If you want to do discriminant analysis with pendigits, you quickly have problems with EM if you use directly the coordinates, because some points are likely to be on the border, hence the corresponding component can have a covariance matrix which easily becomes singular. Regularized EM avoids this problem by using simple regularization on the mixture. You can play with pcount and pval to see the effect on pdf estimation.

For now, regularized EM is pretty crude, but is enough for simple cases where you need to avoid singular covariance matrices.

Source code: regularized_example.py

import numpy as N
import pylab as P

from scikits.learn.em import EM, GM, GMM
# Experimental RegularizedEM
from scikits.learn.em.gmm_em import RegularizedEM
import utils

x, y = utils.get_pendigits()

# Take only the first point of pendigits for pdf estimation
dt1 = N.concatenate([x[:, N.newaxis], y[:, N.newaxis]], 1)
dt1 = utils.scale(dt1.astype(N.float))

# pcnt is the poportion of samples to use as prior count. Eg if you have 1000
# samples, and pcn is 0.1, then the prior count would be 100, and 1100 samples
# will be considered as overall when regularizing the parameters.
pcnt = 0.05
# You should try different values of pval. If pval is 0.1, then the
# regularization will be strong. If you use something like 0.01, really sharp
# components will appear.
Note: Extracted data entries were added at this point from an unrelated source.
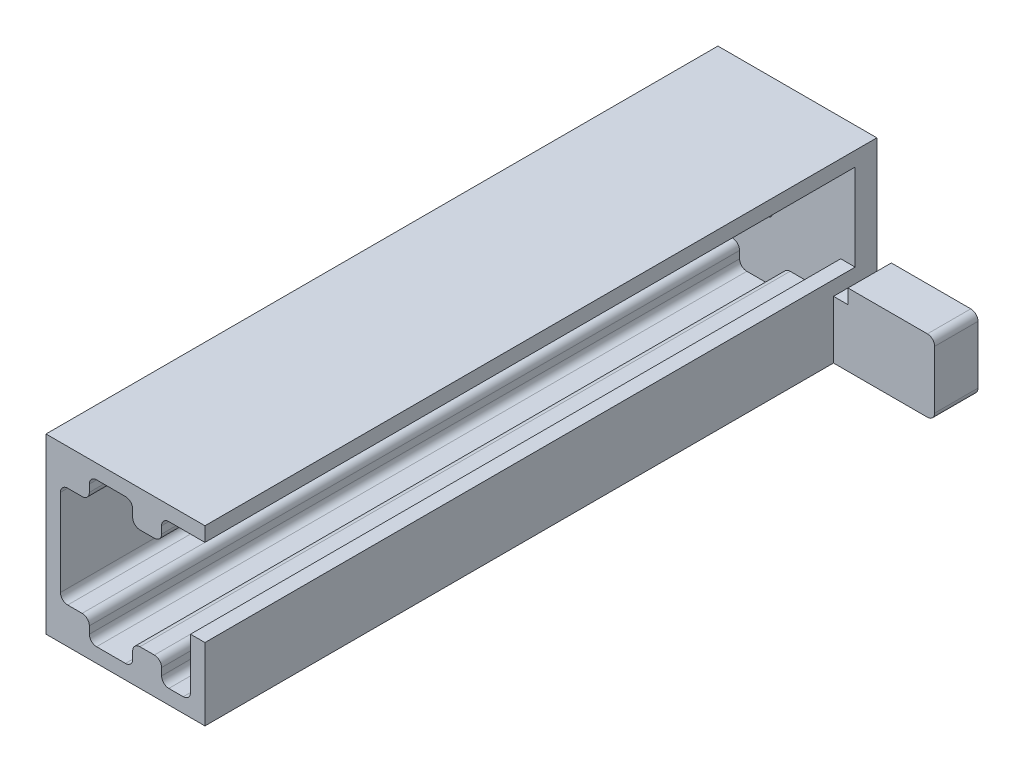
SolidWorks part; units mm, degrees
ref_plane "Front" through (0, 0, 0) normal (0, 0, 1) x (1, 0, 0)
ref_plane "Top" through (0, 0, 0) normal (0, 1, 0) x (1, 0, 0)
ref_plane "Right" through (0, 0, 0) normal (1, 0, 0) x (0, 0, -1)
sketch "Sketch1" plane through (0, 0, 0) normal (0, 0, 1) x (1, 0, 0)
  line L0 (27.94, 30.48) -> (27.94, 27.94)
  line L1 (0, 30.48) -> (27.94, 30.48)
  line L2 (0, 30.48) -> (0, 0)
  line L3 (0, 0) -> (27.94, 0)
  line L6 (2.54, 24.13) -> (2.54, 6.35)
  line L11 (27.94, 2.54) -> (27.94, 0)
  line L12 (2.54, 24.13) -> (7.62, 24.13)
  line L13 (7.62, 24.13) -> (7.62, 27.94)
  line L14 (7.62, 27.94) -> (15.24, 27.94)
  line L15 (15.24, 27.94) -> (15.24, 24.13)
  line L16 (15.24, 24.13) -> (20.32, 24.13)
  line L17 (20.32, 24.13) -> (20.32, 27.94)
  line L18 (20.32, 27.94) -> (27.94, 27.94)
  line L19 (2.54, 6.35) -> (7.62, 6.35)
  line L20 (7.62, 6.35) -> (7.62, 2.54)
  line L21 (7.62, 2.54) -> (15.24, 2.54)
  line L22 (15.24, 2.54) -> (15.24, 6.35)
  line L23 (15.24, 6.35) -> (20.32, 6.35)
  line L24 (20.32, 6.35) -> (20.32, 2.54)
  line L25 (20.32, 2.54) -> (27.94, 2.54)
  point P21 (12.2844, 9.6359)
  point P22 (39.6767, 30.48)
  dimension "D1" = 7.62
  dimension "D2" = 7.62
  dimension "D3" = 2.54
  dimension "D4" = 5.08
  dimension "D5" = 3.81
  dimension "D6" = 25.4
  dimension "D7" = 2.54
  dimension "D8" = 2.54
extrude "Boss-Extrude1" add sketch "Sketch1" along normal blind 114.3
ref_plane "Plane1" through (0, 15.24, 0) normal (0, 1, 0) x (1, 0, 0)
sketch "Sketch6" plane through (0, 0, 0) normal (0, 0, -1) x (-1, 0, 0)
  line L1 (-27.94, 30.48) -> (0, 30.48)
  line L2 (-27.94, 30.48) -> (-27.94, 0)
  line L3 (-27.94, 0) -> (0, 0)
  line L4 (0, 30.48) -> (0, 0)
extrude "Boss-Extrude5" add sketch "Sketch6" along normal blind 3.81
sketch "Sketch8" plane through (27.94, 0, 0) normal (1, 0, 0) x (0, 0, -1)
  line L1 (3.81, 0) -> (-3.81, 0)
  line L2 (3.81, 0) -> (3.81, 12.7)
  line L3 (3.81, 12.7) -> (-3.81, 12.7)
  line L4 (-3.81, 0) -> (-3.81, 12.7)
  dimension "D1" = 12.7
  dimension "D2" = 7.62
extrude "Boss-Extrude6" add sketch "Sketch8" along normal blind 17.78 contours L2 L1 L4 L3
sketch "Sketch9" plane through (0, 0, 0) normal (0, 0, 1) x (1, 0, 0)
  line L1 (27.94, 12.7) -> (25.4, 12.7)
  line L2 (27.94, 12.7) -> (27.94, 2.54)
  line L3 (27.94, 2.54) -> (25.4, 2.54)
  line L4 (25.4, 12.7) -> (25.4, 2.54)
  line L5 (27.94, 2.54) -> (20.32, 2.54) construction
  point P5 (0, 0)
  dimension "D1" = 2.54
extrude "Boss-Extrude7" add sketch "Sketch9" along normal through all
sketch "Sketch10" plane through (0, 0, 3.81) normal (0, 0, 1) x (1, 0, 0)
  line L1 (27.94, 12.7) -> (30.48, 12.7)
  line L2 (27.94, 12.7) -> (27.94, 10.16)
  line L3 (27.94, 10.16) -> (30.48, 10.16)
  line L4 (30.48, 12.7) -> (30.48, 10.16)
  dimension "D1" = 2.54
  dimension "D2" = 2.54
extrude "Cut-Extrude2" cut sketch "Sketch10" against normal through all
sketch "Sketch11" plane through (0, 0, 0) normal (0, 0, 1) x (1, 0, 0)
  line L0 (11.43, 27.94) -> (11.43, 2.54) construction
  line L1 (7.62, 27.94) -> (15.24, 27.94) construction
  line L2 (15.24, 2.54) -> (7.62, 2.54) construction
  line L3 (10.16, 13.4191) -> (12.7, 13.4191) construction
  circle A0 centre (10.16, 13.4191) radius 0.635
  circle A1 centre (12.7, 13.4191) radius 0.635
  point P8 (11.43, 13.4191)
  point P10 (11.43, 13.4191)
  dimension "D1" = 1.27
  dimension "D2" = 2.54
extrude "Cut-Extrude3" cut sketch "Sketch11" against normal through all
fillet "Fillet3" radius 1.27 15 edges at (25.4, 2.54, 57.15) (20.32, 2.54, 57.15) (20.32, 6.35, 57.15) (15.24, 6.35, 57.15) (15.24, 2.54, 57.15) (7.62, 2.54, 57.15) (7.62, 6.35, 57.15) (20.32, 27.94, 57.15) (15.24, 24.13, 57.15) (20.32, 24.13, 57.15) (15.24, 27.94, 57.15) (2.54, 6.35, 57.15) (2.54, 24.13, 57.15) (7.62, 24.13, 57.15) (7.62, 27.94, 57.15)
fillet "Fillet4" radius 1.27 2 edges at (45.72, 0, 0) (45.72, 12.7, 0)

If the values are too small, the regularizer may not
# work (singular covariance matrices).
pval = 0.05

# This function train a mixture model with k components, returns the trained
# model and the BIC
def cluster(data, k, mode = 'full'):
    d = data.shape[1]
    gm = GM(d, k, mode)
    gmm = GMM(gm, 'random')
    em = RegularizedEM(pcnt = pcnt, pval = pval)
    em.train(data, gmm, maxiter = 20)
    return gm, gmm.bic(data)

# bc will contain a list of BIC values for each model trained
N.seterr(all = 'warn')
bc = []
mode = 'full'

P.figure()
for k in range(1, 5):
    # Train a model of k component, and plots isodensity curve
    P.subplot(2, 2, k)
    gm, b = cluster(dt1, k = k, mode = mode)
    bc.append(b)

    X, Y, Z, V = gm.density_on_grid(nl = 20)
    P.contour(X, Y, Z, V)
    P.plot(dt1[:, 0], dt1[:, 1], '.')
    P.xlabel('x coordinate (scaled)')
    P.ylabel('y coordinate (scaled)')

print "According to the BIC, model with %d components is better" % (N.argmax(bc) + 1)
P.show()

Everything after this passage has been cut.